*** Excerpted data

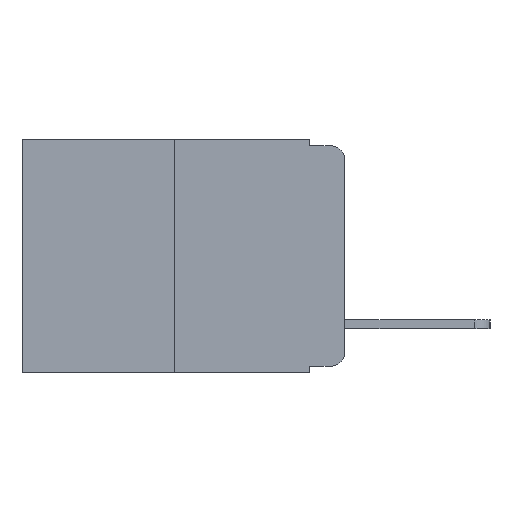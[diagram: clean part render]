
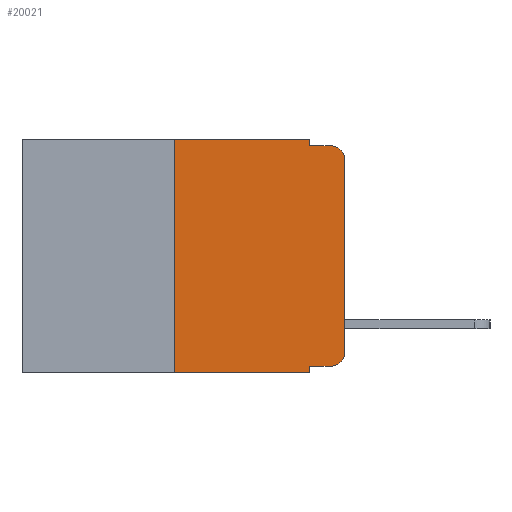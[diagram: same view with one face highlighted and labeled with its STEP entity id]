
A CAD part, left-side view. The second image highlights one B-rep face of the part: STEP entity #20021.
In plain terms, the highlighted planar face has unit normal (-1, 0, 0).
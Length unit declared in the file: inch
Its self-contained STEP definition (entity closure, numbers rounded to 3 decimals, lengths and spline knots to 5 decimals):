
#77 = EDGE_CURVE ( 'NONE', #19460, #19193, #8675, .T. ) ;
#91 = CARTESIAN_POINT ( 'NONE',  ( 0., 0.051, -0.01 ) ) ;
#115 = EDGE_CURVE ( 'NONE', #1617, #16982, #11348, .T. ) ;
#180 = ORIENTED_EDGE ( 'NONE', *, *, #13357, .T. ) ;
#680 = VERTEX_POINT ( 'NONE', #18564 ) ;
#743 = ORIENTED_EDGE ( 'NONE', *, *, #115, .F. ) ;
#957 = DIRECTION ( 'NONE',  ( 0., 0., -1. ) ) ;
#1275 = EDGE_CURVE ( 'NONE', #19460, #4073, #2561, .T. ) ;
#1357 = DIRECTION ( 'NONE',  ( 1., 0., 0. ) ) ;
#1443 = ORIENTED_EDGE ( 'NONE', *, *, #17441, .F. ) ;
#1617 = VERTEX_POINT ( 'NONE', #19650 ) ;
#1676 = AXIS2_PLACEMENT_3D ( 'NONE', #9390, #1357, #12492 ) ;
#1819 = ORIENTED_EDGE ( 'NONE', *, *, #1275, .F. ) ;
#2154 = CARTESIAN_POINT ( 'NONE',  ( 0., 0.051, 0. ) ) ;
#2492 = CARTESIAN_POINT ( 'NONE',  ( 0., 0.051, 0. ) ) ;
#2561 = LINE ( 'NONE', #2492, #6368 ) ;
#3578 = AXIS2_PLACEMENT_3D ( 'NONE', #18898, #9756, #10475 ) ;
#4073 = VERTEX_POINT ( 'NONE', #15828 ) ;
#4594 = ORIENTED_EDGE ( 'NONE', *, *, #14331, .F. ) ;
#4897 = VECTOR ( 'NONE', #7723, 39.37008 ) ;
#5684 = CARTESIAN_POINT ( 'NONE',  ( 0., 0.051, -0.01 ) ) ;
#6006 = VERTEX_POINT ( 'NONE', #16728 ) ;
#6368 = VECTOR ( 'NONE', #957, 39.37008 ) ;
#6444 = VECTOR ( 'NONE', #9116, 39.37008 ) ;
#6579 = CARTESIAN_POINT ( 'NONE',  ( 0., 0.051, 0. ) ) ;
#6653 = VECTOR ( 'NONE', #18317, 39.37008 ) ;
#7176 = VECTOR ( 'NONE', #16926, 39.37008 ) ;
#7231 = CARTESIAN_POINT ( 'NONE',  ( 0., 0.051, -0.333 ) ) ;
#7255 = LINE ( 'NONE', #91, #11901 ) ;
#7272 = DIRECTION ( 'NONE',  ( -1., 0., 0. ) ) ;
#7723 = DIRECTION ( 'NONE',  ( 0., -1., 0. ) ) ;
#7783 = CARTESIAN_POINT ( 'NONE',  ( 0., 0., 0. ) ) ;
#7808 = PLANE ( 'NONE',  #1676 ) ;
#8675 = LINE ( 'NONE', #7231, #4897 ) ;
#9116 = DIRECTION ( 'NONE',  ( 0., -1., 0. ) ) ;
#9390 = CARTESIAN_POINT ( 'NONE',  ( 0., 0.473, 0. ) ) ;
#9528 = AXIS2_PLACEMENT_3D ( 'NONE', #16477, #7272, #18033 ) ;
#9756 = DIRECTION ( 'NONE',  ( -1., 0., 0. ) ) ;
#9803 = CIRCLE ( 'NONE', #3578, 0.02 ) ;
#9844 = DIRECTION ( 'NONE',  ( 0., -1., 0. ) ) ;
#9932 = CARTESIAN_POINT ( 'NONE',  ( 0., 0., -0.03 ) ) ;
#10359 = ORIENTED_EDGE ( 'NONE', *, *, #15556, .T. ) ;
#10475 = DIRECTION ( 'NONE',  ( 0., 0., -1. ) ) ;
#10958 = DIRECTION ( 'NONE',  ( 0., 0., 1. ) ) ;
#11259 = CARTESIAN_POINT ( 'NONE',  ( 0., 0.051, -0.333 ) ) ;
#11325 = LINE ( 'NONE', #15208, #6653 ) ;
#11348 = LINE ( 'NONE', #16983, #7176 ) ;
#11804 = ORIENTED_EDGE ( 'NONE', *, *, #15379, .F. ) ;
#11901 = VECTOR ( 'NONE', #9844, 39.37008 ) ;
#12344 = EDGE_CURVE ( 'NONE', #6006, #20241, #13359, .T. ) ;
#12492 = DIRECTION ( 'NONE',  ( 0., 0., -1. ) ) ;
#12916 = FACE_OUTER_BOUND ( 'NONE', #17714, .T. ) ;
#13357 = EDGE_CURVE ( 'NONE', #20241, #680, #18099, .T. ) ;
#13359 = LINE ( 'NONE', #7783, #16931 ) ;
#13921 = VERTEX_POINT ( 'NONE', #5684 ) ;
#13945 = LINE ( 'NONE', #2154, #17566 ) ;
#14331 = EDGE_CURVE ( 'NONE', #13921, #680, #7255, .T. ) ;
#14835 = ORIENTED_EDGE ( 'NONE', *, *, #77, .T. ) ;
#15208 = CARTESIAN_POINT ( 'NONE',  ( 0., 0.25, 0. ) ) ;
#15379 = EDGE_CURVE ( 'NONE', #16982, #13921, #13945, .T. ) ;
#15556 = EDGE_CURVE ( 'NONE', #16120, #4073, #19220, .T. ) ;
#15828 = CARTESIAN_POINT ( 'NONE',  ( 0., 0.051, -0.343 ) ) ;
#16120 = VERTEX_POINT ( 'NONE', #18403 ) ;
#16477 = CARTESIAN_POINT ( 'NONE',  ( 0., 0.02, -0.03 ) ) ;
#16728 = CARTESIAN_POINT ( 'NONE',  ( 0., 0., -0.313 ) ) ;
#16926 = DIRECTION ( 'NONE',  ( 0., -1., 0. ) ) ;
#16931 = VECTOR ( 'NONE', #10958, 39.37008 ) ;
#16982 = VERTEX_POINT ( 'NONE', #6579 ) ;
#16983 = CARTESIAN_POINT ( 'NONE',  ( 0., 0.473, 0. ) ) ;
#17441 = EDGE_CURVE ( 'NONE', #16120, #1617, #11325, .T. ) ;
#17566 = VECTOR ( 'NONE', #19283, 39.37008 ) ;
#17569 = ORIENTED_EDGE ( 'NONE', *, *, #19490, .T. ) ;
#17714 = EDGE_LOOP ( 'NONE', ( #19876, #180, #4594, #11804, #743, #1443, #10359, #1819, #14835, #17569 ) ) ;
#18033 = DIRECTION ( 'NONE',  ( 0., 0., -1. ) ) ;
#18099 = CIRCLE ( 'NONE', #9528, 0.02 ) ;
#18188 = CARTESIAN_POINT ( 'NONE',  ( 0., 0.02, -0.333 ) ) ;
#18291 = CARTESIAN_POINT ( 'NONE',  ( 0., 0.473, -0.343 ) ) ;
#18317 = DIRECTION ( 'NONE',  ( 0., 0., 1. ) ) ;
#18403 = CARTESIAN_POINT ( 'NONE',  ( 0., 0.25, -0.343 ) ) ;
#18564 = CARTESIAN_POINT ( 'NONE',  ( 0., 0.02, -0.01 ) ) ;
#18898 = CARTESIAN_POINT ( 'NONE',  ( 0., 0.02, -0.313 ) ) ;
#19193 = VERTEX_POINT ( 'NONE', #18188 ) ;
#19220 = LINE ( 'NONE', #18291, #6444 ) ;
#19283 = DIRECTION ( 'NONE',  ( 0., 0., -1. ) ) ;
#19460 = VERTEX_POINT ( 'NONE', #11259 ) ;
#19490 = EDGE_CURVE ( 'NONE', #19193, #6006, #9803, .T. ) ;
#19650 = CARTESIAN_POINT ( 'NONE',  ( 0., 0.25, 0. ) ) ;
#19876 = ORIENTED_EDGE ( 'NONE', *, *, #12344, .T. ) ;
#20021 = ADVANCED_FACE ( 'NONE', ( #12916 ), #7808, .F. ) ;
#20241 = VERTEX_POINT ( 'NONE', #9932 ) ;

******

Assigned task |
From the records above, transcribe exactly the run of lines that opens with the line holding "#15379 = EDGE_CURVE" and closes with the line holding "#18403 = CARTESIAN_POINT", both included.

Answer to this problem |
#15379 = EDGE_CURVE ( 'NONE', #16982, #13921, #13945, .T. ) ;
#15556 = EDGE_CURVE ( 'NONE', #16120, #4073, #19220, .T. ) ;
#15828 = CARTESIAN_POINT ( 'NONE',  ( 0., 0.051, -0.343 ) ) ;
#16120 = VERTEX_POINT ( 'NONE', #18403 ) ;
#16477 = CARTESIAN_POINT ( 'NONE',  ( 0., 0.02, -0.03 ) ) ;
#16728 = CARTESIAN_POINT ( 'NONE',  ( 0., 0., -0.313 ) ) ;
#16926 = DIRECTION ( 'NONE',  ( 0., -1., 0. ) ) ;
#16931 = VECTOR ( 'NONE', #10958, 39.37008 ) ;
#16982 = VERTEX_POINT ( 'NONE', #6579 ) ;
#16983 = CARTESIAN_POINT ( 'NONE',  ( 0., 0.473, 0. ) ) ;
#17441 = EDGE_CURVE ( 'NONE', #16120, #1617, #11325, .T. ) ;
#17566 = VECTOR ( 'NONE', #19283, 39.37008 ) ;
#17569 = ORIENTED_EDGE ( 'NONE', *, *, #19490, .T. ) ;
#17714 = EDGE_LOOP ( 'NONE', ( #19876, #180, #4594, #11804, #743, #1443, #10359, #1819, #14835, #17569 ) ) ;
#18033 = DIRECTION ( 'NONE',  ( 0., 0., -1. ) ) ;
#18099 = CIRCLE ( 'NONE', #9528, 0.02 ) ;
#18188 = CARTESIAN_POINT ( 'NONE',  ( 0., 0.02, -0.333 ) ) ;
#18291 = CARTESIAN_POINT ( 'NONE',  ( 0., 0.473, -0.343 ) ) ;
#18317 = DIRECTION ( 'NONE',  ( 0., 0., 1. ) ) ;
#18403 = CARTESIAN_POINT ( 'NONE',  ( 0., 0.25, -0.343 ) ) ;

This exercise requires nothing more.